=== AVAILABLE DATA ===

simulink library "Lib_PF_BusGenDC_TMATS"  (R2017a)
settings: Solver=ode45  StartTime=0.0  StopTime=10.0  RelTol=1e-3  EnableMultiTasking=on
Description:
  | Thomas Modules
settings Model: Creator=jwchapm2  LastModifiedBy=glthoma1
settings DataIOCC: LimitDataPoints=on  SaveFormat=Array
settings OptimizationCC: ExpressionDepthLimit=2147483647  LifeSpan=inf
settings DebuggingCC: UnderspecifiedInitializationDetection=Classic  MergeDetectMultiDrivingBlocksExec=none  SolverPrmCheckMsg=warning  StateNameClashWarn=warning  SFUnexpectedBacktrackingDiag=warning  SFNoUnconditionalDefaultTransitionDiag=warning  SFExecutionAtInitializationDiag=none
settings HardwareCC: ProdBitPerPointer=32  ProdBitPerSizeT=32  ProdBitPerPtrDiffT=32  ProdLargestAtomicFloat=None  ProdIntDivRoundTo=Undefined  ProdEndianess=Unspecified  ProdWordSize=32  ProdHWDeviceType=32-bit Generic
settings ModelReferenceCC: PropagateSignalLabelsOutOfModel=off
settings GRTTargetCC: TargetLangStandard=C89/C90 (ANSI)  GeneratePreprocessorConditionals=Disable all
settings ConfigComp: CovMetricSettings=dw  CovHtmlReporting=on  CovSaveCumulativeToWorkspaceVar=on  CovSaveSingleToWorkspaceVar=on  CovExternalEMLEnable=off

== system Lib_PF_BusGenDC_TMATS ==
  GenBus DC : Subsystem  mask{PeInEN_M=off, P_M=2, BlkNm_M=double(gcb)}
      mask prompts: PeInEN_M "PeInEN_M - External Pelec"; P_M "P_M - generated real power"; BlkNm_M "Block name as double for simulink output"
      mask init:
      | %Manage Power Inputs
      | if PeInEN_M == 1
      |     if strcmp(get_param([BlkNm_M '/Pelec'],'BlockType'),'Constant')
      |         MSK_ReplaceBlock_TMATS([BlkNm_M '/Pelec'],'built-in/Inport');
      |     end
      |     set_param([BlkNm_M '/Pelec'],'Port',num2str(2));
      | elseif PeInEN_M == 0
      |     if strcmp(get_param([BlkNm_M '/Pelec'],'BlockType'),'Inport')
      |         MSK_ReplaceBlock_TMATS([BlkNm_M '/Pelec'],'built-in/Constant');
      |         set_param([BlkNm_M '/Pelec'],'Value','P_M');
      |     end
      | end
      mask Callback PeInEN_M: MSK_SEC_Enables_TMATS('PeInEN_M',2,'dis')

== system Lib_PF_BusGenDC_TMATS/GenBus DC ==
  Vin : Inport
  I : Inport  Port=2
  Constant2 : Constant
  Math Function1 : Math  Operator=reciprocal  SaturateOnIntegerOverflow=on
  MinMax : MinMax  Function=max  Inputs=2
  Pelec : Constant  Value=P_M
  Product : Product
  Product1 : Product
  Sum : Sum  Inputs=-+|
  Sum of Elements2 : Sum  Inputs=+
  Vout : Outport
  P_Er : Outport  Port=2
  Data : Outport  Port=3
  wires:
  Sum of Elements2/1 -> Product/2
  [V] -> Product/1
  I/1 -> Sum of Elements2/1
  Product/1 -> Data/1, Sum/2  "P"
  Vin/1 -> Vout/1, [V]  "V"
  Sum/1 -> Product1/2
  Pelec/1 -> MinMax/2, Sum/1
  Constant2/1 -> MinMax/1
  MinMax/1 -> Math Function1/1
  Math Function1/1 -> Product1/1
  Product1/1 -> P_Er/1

===

**WHAT THE TASK REQUIRES**
Set down exactly what runs from the line containing "Callback PeInEN_M: MSK_SEC_Enables_TMATS('PeInEN_M',2,'dis')" through the last line above, both lines included.

**REPLY**
      mask Callback PeInEN_M: MSK_SEC_Enables_TMATS('PeInEN_M',2,'dis')

== system Lib_PF_BusGenDC_TMATS/GenBus DC ==
  Vin : Inport
  I : Inport  Port=2
  Constant2 : Constant
  Math Function1 : Math  Operator=reciprocal  SaturateOnIntegerOverflow=on
  MinMax : MinMax  Function=max  Inputs=2
  Pelec : Constant  Value=P_M
  Product : Product
  Product1 : Product
  Sum : Sum  Inputs=-+|
  Sum of Elements2 : Sum  Inputs=+
  Vout : Outport
  P_Er : Outport  Port=2
  Data : Outport  Port=3
  wires:
  Sum of Elements2/1 -> Product/2
  [V] -> Product/1
  I/1 -> Sum of Elements2/1
  Product/1 -> Data/1, Sum/2  "P"
  Vin/1 -> Vout/1, [V]  "V"
  Sum/1 -> Product1/2
  Pelec/1 -> MinMax/2, Sum/1
  Constant2/1 -> MinMax/1
  MinMax/1 -> Math Function1/1
  Math Function1/1 -> Product1/1
  Product1/1 -> P_Er/1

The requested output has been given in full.